▸ What you need to do:
Restate verbatim the span of lines below between the line with "FILE_NAME ('690M109-1AD-022.STEP', '2021-01-14T18:51:50', ( ''" and the line with "Length unit declared in the file: millimetre", including those two lines, and only that span.

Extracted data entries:

********************

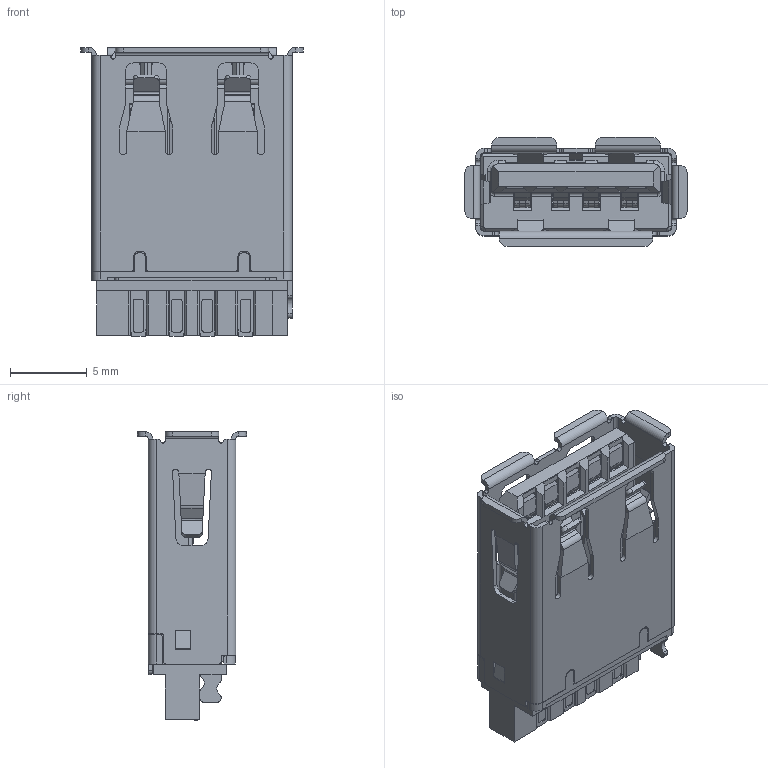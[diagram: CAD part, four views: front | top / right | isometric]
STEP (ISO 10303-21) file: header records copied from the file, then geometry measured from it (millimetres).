
FILE_DESCRIPTION (( 'STEP AP214' ), '1' );
FILE_NAME ('690M109-1AD-022.STEP', '2021-01-14T18:51:50', ( '' ), ( '' ), 'SwSTEP 2.0', 'SolidWorks 2020', '' );
FILE_SCHEMA (( 'AUTOMOTIVE_DESIGN' ));
Length unit declared in the file: millimetre
Products named in the file (9): Contact5 3.0 690M109-XAD-02X; Contact4 690M109-XAD-02X; Contact2 690M109-XAD-02X; Insulator1 690M109-XAD-02X_Blue; Contact3 690M109-XAD-02X; Contact1 690M109-XAD-02X; Insulator2 690M109-XAD-02X_Blue; 690M109-1AD-022; Shell 690M109-XAD-02X
Assembly tree (12 placements, depth 2):
  690M109-1AD-022
    Insulator1 690M109-XAD-02X_Blue
    Shell 690M109-XAD-02X
    Contact5 3.0 690M109-XAD-02X  x5
    Contact1 690M109-XAD-02X
    Contact2 690M109-XAD-02X
    Contact3 690M109-XAD-02X
    Contact4 690M109-XAD-02X
    Insulator2 690M109-XAD-02X_Blue
Bounding box: 14.5 x 7.12 x 18.86 mm (x, y, z)
Volume: 632 mm3; surface area: 2767.4 mm2
Topology: 12 solids, 12 shells, 2114 faces, 6047 edges, 3929 vertices
Faces by surface type: plane 1344, cylinder 654, bspline 114, cone 2
Entity records: 57174 total; most frequent: CARTESIAN_POINT 11776, ORIENTED_EDGE 9822, DIRECTION 9017, EDGE_CURVE 4911, VECTOR 3777, LINE 3777, VERTEX_POINT 3193, AXIS2_PLACEMENT_3D 2620

********************

▸ Solved problem:
FILE_NAME ('690M109-1AD-022.STEP', '2021-01-14T18:51:50', ( '' ), ( '' ), 'SwSTEP 2.0', 'SolidWorks 2020', '' );
FILE_SCHEMA (( 'AUTOMOTIVE_DESIGN' ));
Length unit declared in the file: millimetre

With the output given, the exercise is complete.